The word to look for is "ezdxf". Report every line of the entries below that has it.

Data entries
........

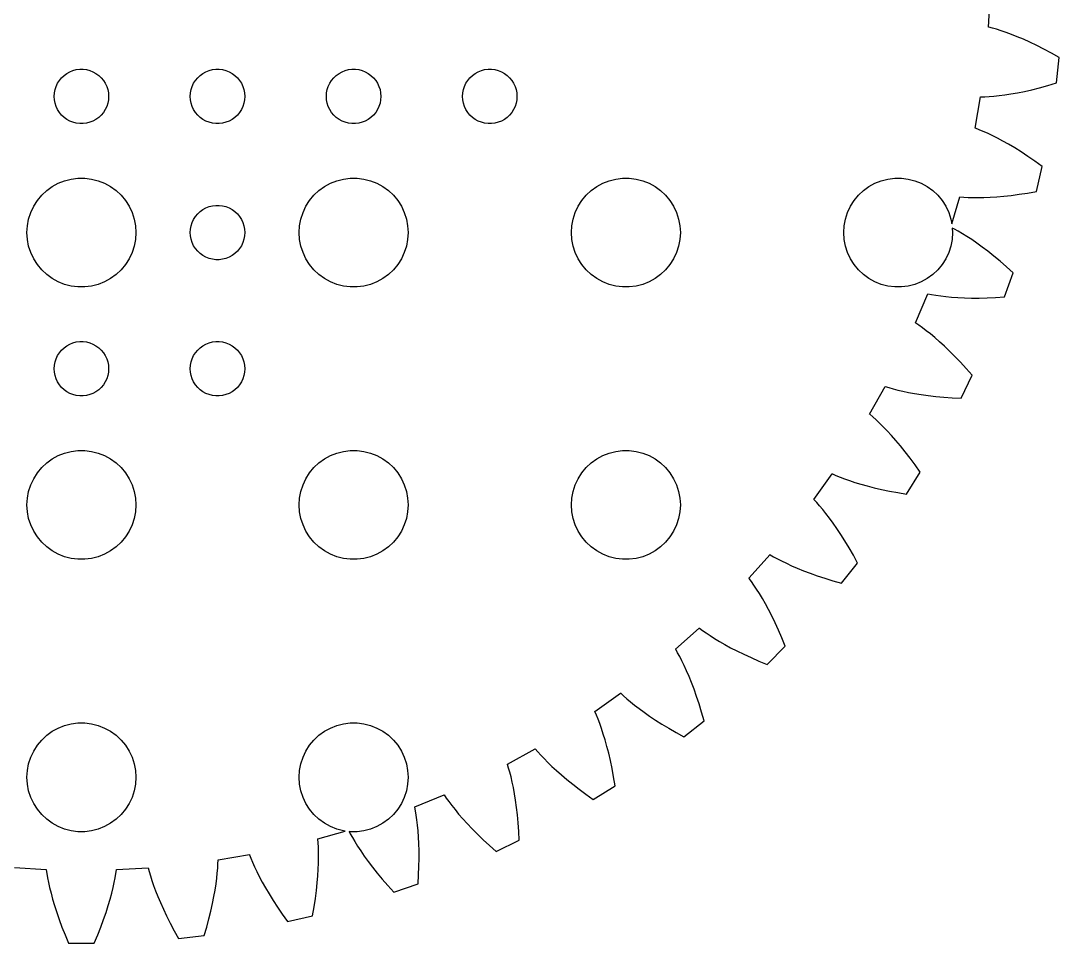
# Model space of a CAD drawing. Header units: metres. Extents: x -54 to 54, y 56 to 164.
# Drawn here: x -3.3 to 53.9, y 55.9 to 106.7 of the extents above; entities that cross this region are included whole.
import ezdxf

# ---------------------------------------------------------------- set-up
doc = ezdxf.new("R2010")
doc.units = ezdxf.units.M

msp = doc.modelspace()

# ---------------------------------------------------------------- linework, layer by layer
for p, q in [((49.9756, 106.319), (50.0776, 108.062)), ((49.9895, 106.318), (49.9756, 106.319)), ((50.1962, 106.262), (49.9895, 106.318)), ((50.4259, 106.195), (50.1962, 106.262)), ((50.6782, 106.114), (50.4259, 106.195)), ((50.9527, 106.02), (50.6782, 106.114)), ((51.2488, 105.911), (50.9527, 106.02)), ((51.5659, 105.785), (51.2488, 105.911)), ((51.9036, 105.643), (51.5659, 105.785)), ((52.2611, 105.482), (51.9036, 105.643)), ((52.6378, 105.303), (52.2611, 105.482)), ((53.0331, 105.104), (52.6378, 105.303)), ((53.4461, 104.884), (53.0331, 105.104)), ((53.8762, 104.642), (53.4461, 104.884)), ((53.7177, 103.236), (53.8762, 104.642)), ((-1.09344, 103.527), (-0.95613, 103.656)), ((-0.95613, 103.656), (-0.80373, 103.766)), ((-0.80373, 103.766), (-0.63866, 103.857)), ((-0.63866, 103.857), (-0.46352, 103.927)), ((-0.46352, 103.927), (-0.28107, 103.973)), ((-0.28107, 103.973), (-0.09418, 103.997)), ((-0.09418, 103.997), (0.09418, 103.997)), ((0.09418, 103.997), (0.28107, 103.973)), ((0.28107, 103.973), (0.46352, 103.927)), ((0.46352, 103.927), (0.63866, 103.857)), ((0.63866, 103.857), (0.80373, 103.766)), ((0.80373, 103.766), (0.95613, 103.656)), ((0.95613, 103.656), (1.09344, 103.527)), ((6.40654, 103.527), (6.54385, 103.656)), ((6.54385, 103.656), (6.69626, 103.766)), ((6.69626, 103.766), (6.86133, 103.857)), ((6.86133, 103.857), (7.03647, 103.927)), ((7.03647, 103.927), (7.21892, 103.973)), ((7.21892, 103.973), (7.40581, 103.997)), ((7.40581, 103.997), (7.59418, 103.997)), ((7.59418, 103.997), (7.78107, 103.973)), ((7.78107, 103.973), (7.96352, 103.927)), ((7.96352, 103.927), (8.13866, 103.857)), ((8.13866, 103.857), (8.30373, 103.766)), ((8.30373, 103.766), (8.45613, 103.656)), ((8.45613, 103.656), (8.59344, 103.527)), ((13.9065, 103.527), (14.0439, 103.656)), ((14.0439, 103.656), (14.1963, 103.766)), ((14.1963, 103.766), (14.3613, 103.857)), ((14.3613, 103.857), (14.5365, 103.927)), ((14.5365, 103.927), (14.7189, 103.973)), ((14.7189, 103.973), (14.9058, 103.997)), ((14.9058, 103.997), (15.0942, 103.997)), ((15.0942, 103.997), (15.2811, 103.973)), ((15.2811, 103.973), (15.4635, 103.927)), ((15.4635, 103.927), (15.6387, 103.857)), ((15.6387, 103.857), (15.8037, 103.766)), ((15.8037, 103.766), (15.9561, 103.656)), ((15.9561, 103.656), (16.0934, 103.527)), ((21.4065, 103.527), (21.5439, 103.656)), ((21.5439, 103.656), (21.6963, 103.766)), ((21.6963, 103.766), (21.8613, 103.857)), ((21.8613, 103.857), (22.0365, 103.927)), ((22.0365, 103.927), (22.2189, 103.973)), ((22.2189, 103.973), (22.4058, 103.997)), ((22.4058, 103.997), (22.5942, 103.997)), ((22.5942, 103.997), (22.7811, 103.973)), ((22.7811, 103.973), (22.9635, 103.927)), ((22.9635, 103.927), (23.1387, 103.857)), ((23.1387, 103.857), (23.3037, 103.766)), ((23.3037, 103.766), (23.4561, 103.656)), ((23.4561, 103.656), (23.5934, 103.527)), ((-1.45287, 102.873), (-1.39465, 103.052)), ((-1.39465, 103.052), (-1.31445, 103.223)), ((-1.31445, 103.223), (-1.21352, 103.382)), ((-1.21352, 103.382), (-1.09344, 103.527)), ((1.09344, 103.527), (1.21352, 103.382)), ((1.21352, 103.382), (1.31445, 103.223)), ((1.31445, 103.223), (1.39465, 103.052)), ((1.39465, 103.052), (1.45287, 102.873)), ((6.04712, 102.873), (6.10533, 103.052)), ((6.10533, 103.052), (6.18553, 103.223)), ((6.18553, 103.223), (6.28647, 103.382)), ((6.28647, 103.382), (6.40654, 103.527)), ((8.59344, 103.527), (8.71352, 103.382)), ((8.71352, 103.382), (8.81445, 103.223)), ((8.81445, 103.223), (8.89465, 103.052)), ((8.89465, 103.052), (8.95287, 102.873)), ((13.5471, 102.873), (13.6053, 103.052)), ((13.6053, 103.052), (13.6855, 103.223)), ((13.6855, 103.223), (13.7865, 103.382)), ((13.7865, 103.382), (13.9065, 103.527)), ((16.0934, 103.527), (16.2135, 103.382)), ((16.2135, 103.382), (16.3145, 103.223)), ((16.3145, 103.223), (16.3947, 103.052)), ((16.3947, 103.052), (16.4529, 102.873)), ((21.0471, 102.873), (21.1053, 103.052)), ((21.1053, 103.052), (21.1855, 103.223)), ((21.1855, 103.223), (21.2865, 103.382)), ((21.2865, 103.382), (21.4065, 103.527)), ((23.5934, 103.527), (23.7135, 103.382)), ((23.7135, 103.382), (23.8145, 103.223)), ((23.8145, 103.223), (23.8947, 103.052)), ((23.8947, 103.052), (23.9529, 102.873)), ((52.7929, 102.973), (53.2446, 103.095)), ((53.2446, 103.095), (53.7177, 103.236)), ((-1.5, 102.5), (-1.48816, 102.688)), ((-1.48816, 102.312), (-1.5, 102.5)), ((-1.48816, 102.688), (-1.45287, 102.873)), ((1.45287, 102.873), (1.48816, 102.688)), ((1.48816, 102.688), (1.5, 102.5)), ((1.5, 102.5), (1.48816, 102.312)), ((6, 102.5), (6.01183, 102.688)), ((6.01183, 102.312), (6, 102.5)), ((6.01183, 102.688), (6.04712, 102.873)), ((8.95287, 102.873), (8.98816, 102.688)), ((8.98816, 102.688), (9, 102.5)), ((9, 102.5), (8.98816, 102.312)), ((13.5, 102.5), (13.5118, 102.688)), ((13.5118, 102.312), (13.5, 102.5)), ((13.5118, 102.688), (13.5471, 102.873)), ((16.4529, 102.873), (16.4882, 102.688)), ((16.4882, 102.688), (16.5, 102.5)), ((16.5, 102.5), (16.4882, 102.312)), ((21, 102.5), (21.0118, 102.688)), ((21.0118, 102.312), (21, 102.5)), ((21.0118, 102.688), (21.0471, 102.873)), ((23.9529, 102.873), (23.9882, 102.688)), ((23.9882, 102.688), (24, 102.5)), ((24, 102.5), (23.9882, 102.312)), ((49.2491, 100.746), (49.5458, 102.468)), ((49.5458, 102.468), (49.5556, 102.466)), ((49.5556, 102.466), (49.7694, 102.474)), ((49.7694, 102.474), (50.0084, 102.489)), ((50.0084, 102.489), (50.2723, 102.511)), ((50.2723, 102.511), (50.5608, 102.542)), ((50.5608, 102.542), (50.8738, 102.583)), ((50.8738, 102.583), (51.2109, 102.635)), ((51.2109, 102.635), (51.5718, 102.698)), ((51.5718, 102.698), (51.9561, 102.775)), ((51.9561, 102.775), (52.3632, 102.866)), ((52.3632, 102.866), (52.7929, 102.973)), ((-1.45287, 102.127), (-1.48816, 102.312)), ((-1.39465, 101.948), (-1.45287, 102.127)), ((-1.31445, 101.777), (-1.39465, 101.948)), ((1.39465, 101.948), (1.31445, 101.777)), ((1.45287, 102.127), (1.39465, 101.948)), ((1.48816, 102.312), (1.45287, 102.127)), ((6.04712, 102.127), (6.01183, 102.312)), ((6.10533, 101.948), (6.04712, 102.127)), ((6.18553, 101.777), (6.10533, 101.948)), ((8.89465, 101.948), (8.81445, 101.777)), ((8.95287, 102.127), (8.89465, 101.948)), ((8.98816, 102.312), (8.95287, 102.127)), ((13.5471, 102.127), (13.5118, 102.312)), ((13.6053, 101.948), (13.5471, 102.127)), ((13.6855, 101.777), (13.6053, 101.948)), ((16.3947, 101.948), (16.3145, 101.777)), ((16.4529, 102.127), (16.3947, 101.948)), ((16.4882, 102.312), (16.4529, 102.127)), ((21.0471, 102.127), (21.0118, 102.312)), ((21.1053, 101.948), (21.0471, 102.127)), ((21.1855, 101.777), (21.1053, 101.948)), ((23.8947, 101.948), (23.8145, 101.777)), ((23.9529, 102.127), (23.8947, 101.948)), ((23.9882, 102.312), (23.9529, 102.127)), ((-1.21352, 101.618), (-1.31445, 101.777)), ((-1.09344, 101.473), (-1.21352, 101.618)), ((-0.95613, 101.344), (-1.09344, 101.473)), ((-0.80373, 101.234), (-0.95613, 101.344)), ((0.95613, 101.344), (0.80373, 101.234)), ((1.09344, 101.473), (0.95613, 101.344)), ((1.21352, 101.618), (1.09344, 101.473)), ((1.31445, 101.777), (1.21352, 101.618)), ((6.28647, 101.618), (6.18553, 101.777)), ((6.40654, 101.473), (6.28647, 101.618)), ((6.54385, 101.344), (6.40654, 101.473)), ((6.69626, 101.234), (6.54385, 101.344)), ((8.45613, 101.344), (8.30373, 101.234)), ((8.59344, 101.473), (8.45613, 101.344)), ((8.71352, 101.618), (8.59344, 101.473)), ((8.81445, 101.777), (8.71352, 101.618)), ((13.7865, 101.618), (13.6855, 101.777)), ((13.9065, 101.473), (13.7865, 101.618)), ((14.0439, 101.344), (13.9065, 101.473)), ((14.1963, 101.234), (14.0439, 101.344)), ((15.9561, 101.344), (15.8037, 101.234)), ((16.0934, 101.473), (15.9561, 101.344)), ((16.2135, 101.618), (16.0934, 101.473)), ((16.3145, 101.777), (16.2135, 101.618)), ((21.2865, 101.618), (21.1855, 101.777)), ((21.4065, 101.473), (21.2865, 101.618)), ((21.5439, 101.344), (21.4065, 101.473)), ((21.6963, 101.234), (21.5439, 101.344)), ((23.4561, 101.344), (23.3037, 101.234)), ((23.5934, 101.473), (23.4561, 101.344)), ((23.7135, 101.618), (23.5934, 101.473)), ((23.8145, 101.777), (23.7135, 101.618)), ((-0.63866, 101.143), (-0.80373, 101.234)), ((-0.46352, 101.073), (-0.63866, 101.143)), ((-0.28107, 101.027), (-0.46352, 101.073)), ((-0.09418, 101.003), (-0.28107, 101.027)), ((0.09418, 101.003), (-0.09418, 101.003)), ((0.28107, 101.027), (0.09418, 101.003)), ((0.46352, 101.073), (0.28107, 101.027)), ((0.63866, 101.143), (0.46352, 101.073)), ((0.80373, 101.234), (0.63866, 101.143)), ((6.86133, 101.143), (6.69626, 101.234)), ((7.03647, 101.073), (6.86133, 101.143)), ((7.21892, 101.027), (7.03647, 101.073)), ((7.40581, 101.003), (7.21892, 101.027)), ((7.59418, 101.003), (7.40581, 101.003)), ((7.78107, 101.027), (7.59418, 101.003)), ((7.96352, 101.073), (7.78107, 101.027)), ((8.13866, 101.143), (7.96352, 101.073)), ((8.30373, 101.234), (8.13866, 101.143)), ((14.3613, 101.143), (14.1963, 101.234)), ((14.5365, 101.073), (14.3613, 101.143)), ((14.7189, 101.027), (14.5365, 101.073)), ((14.9058, 101.003), (14.7189, 101.027)), ((15.0942, 101.003), (14.9058, 101.003)), ((15.2811, 101.027), (15.0942, 101.003)), ((15.4635, 101.073), (15.2811, 101.027)), ((15.6387, 101.143), (15.4635, 101.073)), ((15.8037, 101.234), (15.6387, 101.143)), ((21.8613, 101.143), (21.6963, 101.234)), ((22.0365, 101.073), (21.8613, 101.143)), ((22.2189, 101.027), (22.0365, 101.073)), ((22.4058, 101.003), (22.2189, 101.027)), ((22.5942, 101.003), (22.4058, 101.003)), ((22.7811, 101.027), (22.5942, 101.003)), ((22.9635, 101.073), (22.7811, 101.027)), ((23.1387, 101.143), (22.9635, 101.073)), ((23.3037, 101.234), (23.1387, 101.143)), ((49.2629, 100.744), (49.2491, 100.746)), ((49.4621, 100.665), (49.2629, 100.744)), ((49.6828, 100.573), (49.4621, 100.665)), ((49.9245, 100.465), (49.6828, 100.573)), ((50.1867, 100.34), (49.9245, 100.465)), ((50.4687, 100.198), (50.1867, 100.34)), ((50.7698, 100.038), (50.4687, 100.198)), ((51.0894, 99.8589), (50.7698, 100.038)), ((51.4267, 99.6595), (51.0894, 99.8589)), ((51.7809, 99.4391), (51.4267, 99.6595)), ((52.1514, 99.1967), (51.7809, 99.4391)), ((52.5372, 98.9316), (52.1514, 99.1967)), ((52.9374, 98.643), (52.5372, 98.9316)), ((52.6226, 97.2636), (52.9374, 98.643)), ((-1.27733, 97.7145), (-0.92705, 97.8532)), ((-0.92705, 97.8532), (-0.56213, 97.9469)), ((-0.56213, 97.9469), (-0.18837, 97.9941)), ((-0.18837, 97.9941), (0.18837, 97.9941)), ((0.18837, 97.9941), (0.56213, 97.9469)), ((0.56213, 97.9469), (0.92705, 97.8532)), ((0.92705, 97.8532), (1.27733, 97.7145)), ((13.7227, 97.7145), (14.0729, 97.8532)), ((14.0729, 97.8532), (14.4379, 97.9469)), ((14.4379, 97.9469), (14.8116, 97.9941)), ((14.8116, 97.9941), (15.1884, 97.9941)), ((15.1884, 97.9941), (15.5621, 97.9469)), ((15.5621, 97.9469), (15.927, 97.8532)), ((15.927, 97.8532), (16.2773, 97.7145)), ((28.7227, 97.7145), (29.0729, 97.8532)), ((29.0729, 97.8532), (29.4379, 97.9469)), ((29.4379, 97.9469), (29.8116, 97.9941)), ((29.8116, 97.9941), (30.1884, 97.9941)), ((30.1884, 97.9941), (30.5621, 97.9469)), ((30.5621, 97.9469), (30.927, 97.8532)), ((30.927, 97.8532), (31.2773, 97.7145)), ((43.7227, 97.7145), (44.0729, 97.8532)), ((44.0729, 97.8532), (44.4379, 97.9469)), ((44.4379, 97.9469), (44.8116, 97.9941)), ((44.8116, 97.9941), (45.1884, 97.9941)), ((45.1884, 97.9941), (45.5621, 97.9469)), ((45.5621, 97.9469), (45.927, 97.8532)), ((45.927, 97.8532), (46.2773, 97.7145)), ((-2.1869, 97.0536), (-1.91226, 97.3116)), ((-1.91226, 97.3116), (-1.60747, 97.533)), ((-1.60747, 97.533), (-1.27733, 97.7145)), ((1.27733, 97.7145), (1.60747, 97.533)), ((1.60747, 97.533), (1.91226, 97.3116)), ((1.91226, 97.3116), (2.1869, 97.0536)), ((12.8131, 97.0536), (13.0877, 97.3116)), ((13.0877, 97.3116), (13.3925, 97.533)), ((13.3925, 97.533), (13.7227, 97.7145)), ((16.2773, 97.7145), (16.6075, 97.533)), ((16.6075, 97.533), (16.9123, 97.3116)), ((16.9123, 97.3116), (17.1869, 97.0536)), ((27.8131, 97.0536), (28.0877, 97.3116)), ((28.0877, 97.3116), (28.3925, 97.533)), ((28.3925, 97.533), (28.7227, 97.7145)), ((31.2773, 97.7145), (31.6075, 97.533)), ((31.6075, 97.533), (31.9123, 97.3116)), ((31.9123, 97.3116), (32.1869, 97.0536)), ((42.8131, 97.0536), (43.0877, 97.3116)), ((43.0877, 97.3116), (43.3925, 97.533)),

........

● **RESPONSE TO THE TASK**
import ezdxf
doc = ezdxf.new("R2010")
doc.units = ezdxf.units.M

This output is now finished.